We are told by a report published by the UK's Financial Services Authority that the total turnover of Abacha accounts in UK alone between 1996 and 2000 was $1.3 billion. This money was handled by a number of banks and there is some double counting as it includes transfers between banks. Nevertheless, this is a staggering sum. Where did the bank think their customers got such their wealth from? They believed the sons got their funds came from the father. By 1996 they knew the father was President of Nigeria and a General in the Army. The bank could have found this out how much these offices pay but would have known it was not enough to support the levels of activity in the sons' account. The know your customer checks referred to various business activities. But these couldn't explain the level of activity. For instance, one business was an airline operating flights between Lagos and New York. However, Lagos airport was publicly declared unsafe and flights were discontinued after 1993. The Senate report singles out 3 substantial transactions which I don't have time to go into.
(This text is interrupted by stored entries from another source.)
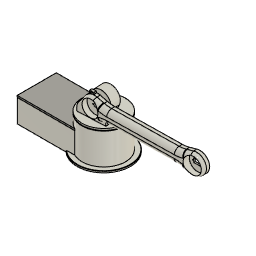
robotic arm project v2 (Autodesk Fusion 360 design; units mm, degrees)
Autodesk Fusion 360 part; units mm, degrees
sketch "Sketch1" plane through (0, 0, 0) normal (0, 0, 1) x (1, 0, 0)
  circle A0 centre (0, 0) radius 66.5
  line L0 (200, 0) -> (-220, 0) construction
  line L1 (-55.1566, 60) -> (-205.1566, 60)
  line L2 (-205.1566, 60) -> (-205.1566, -60)
  line L3 (-205.1566, -60) -> (-55.1566, -60)
  circle A1 centre (0, 0) radius 61.5
  line L4 (-60.1436, 55) -> (-200.1566, 55)
  line L5 (-200.1566, 55) -> (-200.1566, -55)
  line L6 (-200.1566, -55) -> (-60.1436, -55)
  line L7 (-55.1566, 60) -> (-28.6749, 60)
  line L8 (-55.1566, -60) -> (-28.6749, -60)
  line L9 (-60.1436, -55) -> (-37.3798, -55)
  line L10 (-60.1436, 55) -> (-37.3798, 55)
  arc A2 (-55.1566, -60) -> (-55.1566, 60) centre (0, 0) ccw
  dimension "d1" = 133
  dimension "d3" = 150
  dimension "d4" = 120
  dimension "d5" = 150
  dimension "d6" = 123
  dimension "d7" = 5
  dimension "d8" = 5
  dimension "d9" = 5
  dimension "d14" = 15
  constraint coincident A0.centre A1.centre
  constraint horizontal L0
  constraint parallel L0 L1
  constraint perpendicular L1 L2
  constraint perpendicular L2 L3
  constraint symmetric L0 L1 L3
  constraint parallel L1 L4
  constraint perpendicular L0 L5
  constraint perpendicular L5 L6
  constraint coincident A0 L7.end
  constraint parallel L1 L7
  constraint coincident A0 L8.end
  constraint parallel L7 L8
  constraint coincident A0 L9.end
  constraint parallel L8 L9
  constraint coincident A0 L10.end
  constraint parallel L9 L10
  measures "d1" diameter of A0
  measures "d3" distance of L1.start L1.end
  measures "d4" distance of L1.end L2.end
  measures "d5" distance of L2.end L3.end
  measures "d6" diameter of A1
  measures "d7" distance of L1 L4
  measures "d8" distance of L2 L5
  measures "d9" distance of L3 L6
  measures "d14" distance of A0 A2
extrude "Extrude1" add sketch "Sketch1" along normal blind 100 contours A0 makes body 1
extrude "Extrude3" add sketch "Sketch1" along normal blind 5 contours A0 L7 L8 A2 bodies 1
extrude "Extrude4" add sketch "Sketch1" along normal blind 5 contours A0 L4 L5 L6 L9 L10 bodies 1
extrude "Extrude5" add sketch "Sketch1" along normal blind 70 contours A0 L1 L2 L3 L4 L5 L6 L7 L8 L9 L10 bodies 1
fillet "Fillet1" radius 1 1 edges at (81.5, 0, 5) on bodies 1
fillet "Fillet2" radius 1 2 edges at (-205.1566, -60, 35) (-205.1566, 60, 35) on bodies 1
sketch "Sketch2" plane through (0, 0, 70) normal (0, 0, 1) x (-1, 0, 0)
  arc A0 (204.1566, -60) -> (205.1566, -59) centre (204.1566, -59) ccw
  line L0 (205.1566, -59) -> (205.1566, 59)
  arc A1 (205.1566, 59) -> (204.1566, 60) centre (204.1566, 59) ccw
  line L1 (204.1566, 60) -> (28.6749, 60)
  arc A2 (37.3798, 55) -> (28.6749, 60) centre (0, 0) ccw
  line L2 (37.3798, 55) -> (200.1566, 55)
  line L3 (200.1566, 55) -> (200.1566, -55)
  line L4 (200.1566, -55) -> (37.3798, -55)
  arc A3 (28.6749, -60) -> (37.3798, -55) centre (0, 0) ccw
  line L5 (28.6749, -60) -> (204.1566, -60)
  circle A4 centre (198.6566, -53.5) radius 6.5
  circle A5 centre (198.6566, 53.5) radius 6.5
  circle A6 centre (198.6566, -53.5) radius 2
  circle A7 centre (198.6566, 53.5) radius 2
  dimension "d25" = 13
  dimension "d26" = 13
  dimension "d29" = 4
  dimension "d30" = 4
  constraint tangent L0 A4
  constraint tangent L5 A4
  constraint tangent L0 A5
  constraint tangent L1 A5
  constraint concentric A4 A6
  constraint concentric A5 A7
  measures "d25" diameter of A4
  measures "d26" diameter of A5
  measures "d29" diameter of A6
  measures "d30" diameter of A7
extrude "Extrude6" add sketch "Sketch2" against normal up to surface (65 mm away) contours L3 L4 A4 A6 | L3 L4 A6 | L2 L3 A5 A7 | L3 L4 A6 | L2 L3 A7 | L2 L3 A7 picked at (199.416, -48.5705) picked at (199.416, 48.5705) bodies 1
extrude "Extrude7" cut sketch "Sketch2" against normal blind 5 contours L3 L4 A6 | L4 A6 | L3 A6 | L2 L3 A7 | L3 A7 | L2 A7 picked at (199.1968, -54.0205) picked at (199.1771, 54.0402) bodies 1
extrude "Extrude8" add sketch "Sketch1" along normal blind 5 contours A1 bodies 1
sketch "Sketch3" plane through (0, 0, 5) normal (0, 0, 1) x (-1, 0, 0)
  circle A0 centre (0, 0) radius 61.5
  line L0 (15, 20.25) -> (-15, 20.25)
  line L1 (15, -26.9) -> (-15, -26.9)
  line L2 (-15, -26.9) -> (-15, -20.25)
  line L3 (-15, -20.25) -> (15, -20.25)
  line L4 (15, -20.25) -> (15, -26.9)
  line L5 (-15, 20.25) -> (-15, 26.9)
  line L6 (-15, 26.9) -> (15, 26.9)
  line L7 (15, 26.9) -> (15, 20.25)
  line L8 (-30, 0) -> (36.7096, 0) construction
  line L9 (0, -40) -> (0, 50) construction
  dimension "d37" = 30
  dimension "d39" = 30
  dimension "d40" = 6.65
  dimension "d41" = 40.5
  dimension "d43" = 6.65
  constraint horizontal L0
  constraint coincident A0.centre origin
  constraint horizontal L1
  constraint vertical L2
  constraint horizontal L3
  constraint vertical L4
  constraint vertical L5
  constraint horizontal L6
  constraint vertical L7
  constraint parallel L0 L8
  constraint symmetric L0 L3 L8
  constraint coincident L8 A0.centre
  constraint collinear L2 L5
  constraint coincident L0.end L5.start
  constraint perpendicular L6 L9
  constraint coincident A0.centre L9
  constraint symmetric L2 L4 L9
  measures "d37" distance of L1.start L1.end
  measures "d39" distance of L0.start L0.end
  measures "d40" distance of L0.start L6.end
  measures "d41" distance of L0 L3
  measures "d43" distance of L1.end L2.end
extrude "Extrude9" add sketch "Sketch3" along normal blind 85 contours L0 L5 L6 L7 | L1 L2 L3 L4 bodies 1
sketch "Sketch4" plane through (0, 20.25, 0) normal (0, -1, 0) x (1, 0, 0)
  line L0 (-15, 5) -> (15, 5)
  line L1 (15, 5) -> (15, 90)
  line L2 (15, 90) -> (-15, 90)
  line L3 (-15, 90) -> (-15, 5)
  line L4 (-10, 85) -> (10, 85)
  line L5 (10, 85) -> (10, 5)
  line L6 (10, 5) -> (-10, 5)
  line L7 (-10, 5) -> (-10, 85)
  dimension "d47" = 20
  dimension "d48" = 5
  dimension "d49" = 5
  constraint horizontal L4
  constraint vertical L5
  constraint horizontal L6
  constraint vertical L7
  constraint coincident L0 L5.end
  measures "d47" distance of L4.start L4.end
  measures "d48" distance of L2 L4
  measures "d49" distance of L1 L5
extrude "Extrude10" cut sketch "Sketch4" against normal blind 20 contours L0 L4 L5 L6 L7 bodies 1
sketch "Sketch5" plane through (0, -26.9, 0) normal (0, -1, 0) x (1, 0, 0)
  line L0 (-15, 5) -> (15, 5)
  line L1 (15, 5) -> (15, 90)
  line L2 (15, 90) -> (-15, 90)
  line L3 (-15, 90) -> (-15, 5)
  line L4 (-10, 85) -> (10, 85)
  line L5 (10, 85) -> (10, 5)
  line L6 (10, 5) -> (-10, 5)
  line L7 (-10, 5) -> (-10, 85)
  dimension "d52" = 20
  dimension "d53" = 5
  dimension "d54" = 5
  constraint horizontal L4
  constraint vertical L5
  constraint horizontal L6
  constraint vertical L7
  constraint coincident L0 L5.end
  measures "d52" distance of L4.start L4.end
  measures "d53" distance of L2 L4
  measures "d54" distance of L1 L5
extrude "Extrude11" cut sketch "Sketch5" against normal blind 30 contours L0 L4 L5 L6 L7 bodies 1
sketch "Sketch6" plane through (0, 0, 5) normal (0, 0, 1) x (-1, 0, 0)
  line L0 (10, 26.9) -> (15, 26.9)
  line L1 (15, 26.9) -> (15, 20.25)
  line L2 (15, 20.25) -> (10, 20.25)
  line L3 (10, 20.25) -> (10, 26.9)
  line L4 (-10, 26.9) -> (-10, 20.25)
  line L5 (-10, 20.25) -> (-15, 20.25)
  line L6 (-15, 20.25) -> (-15, 26.9)
  line L7 (-15, 26.9) -> (-10, 26.9)
  line L8 (-10, -26.9) -> (-15, -26.9)
  line L9 (-15, -26.9) -> (-15, -20.25)
  line L10 (-15, -20.25) -> (-10, -20.25)
  line L11 (-10, -20.25) -> (-10, -26.9)
  circle A0 centre (0, 0) radius 61.5
  line L12 (10, -26.9) -> (10, -20.25)
  line L13 (10, -20.25) -> (15, -20.25)
  line L14 (15, -20.25) -> (15, -26.9)
  line L15 (15, -26.9) -> (10, -26.9)
  line L16 (15, -26.9) -> (15, -59.6427)
  line L17 (-15, -26.9) -> (-15, -59.6427)
  line L18 (15, 26.9) -> (15, 59.6427)
  line L19 (-15, 26.9) -> (-15, 59.6427)
  line L20 (15, -26.9) -> (-15, -26.9)
  line L21 (15, 26.9) -> (-15, 26.9)
  arc A1 (-15, 59.6427) -> (-15, -59.6427) centre (0, 0) ccw
  arc A2 (15, -59.6427) -> (15, 59.6427) centre (0, 0) ccw
  dimension "d57" = 123
  constraint coincident L14.end L15.start
  constraint coincident A0 L16.end
  constraint perpendicular L15 L16
  constraint coincident L8.end L9.start
  constraint coincident A0 L17.end
  constraint perpendicular L8 L17
  constraint coincident L0.end L1.start
  constraint coincident A0 L18.end
  constraint perpendicular L0 L18
  constraint coincident L6.end L7.start
  constraint coincident A0 L19.end
  constraint perpendicular L7 L19
  constraint coincident A0.centre A1.centre
  constraint concentric A1 A2
  measures "d57" diameter of A1
extrude "Extrude12" cut sketch "Sketch6" against normal through all contours L1 L2 L3 L4 L5 L6 L9 L10 L11 A0 L12 L13 L14 L16 L17 L18 L19 L20 L21 A1 A2 bodies 1
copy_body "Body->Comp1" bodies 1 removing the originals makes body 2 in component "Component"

The key point is that they were out of line with the customer's legitimate wealth profile and with the account history.
We know from a report published by the Swiss Banking Commission that other banks (in Switzerland) who had accounts for the Abacha family closed those accounts. Others didn't close the accounts until after General Abachas death. A court might ask why they didnt do this earlier.
In conclusion, Nigeria and other victims of corruption need to have a strategic plan. They should consider civil action against intermediaries based on the principles I've outlined. The elements of civil liability are very similar to criminal liability. Civil claims are likely to produce recoveries for the victims. I don't understand why Nigeria hasn't pursued such claims. I suspect there's a lack of political will and they are not unhappy that Britain has put the Mutual Assistance request into the too difficult tray.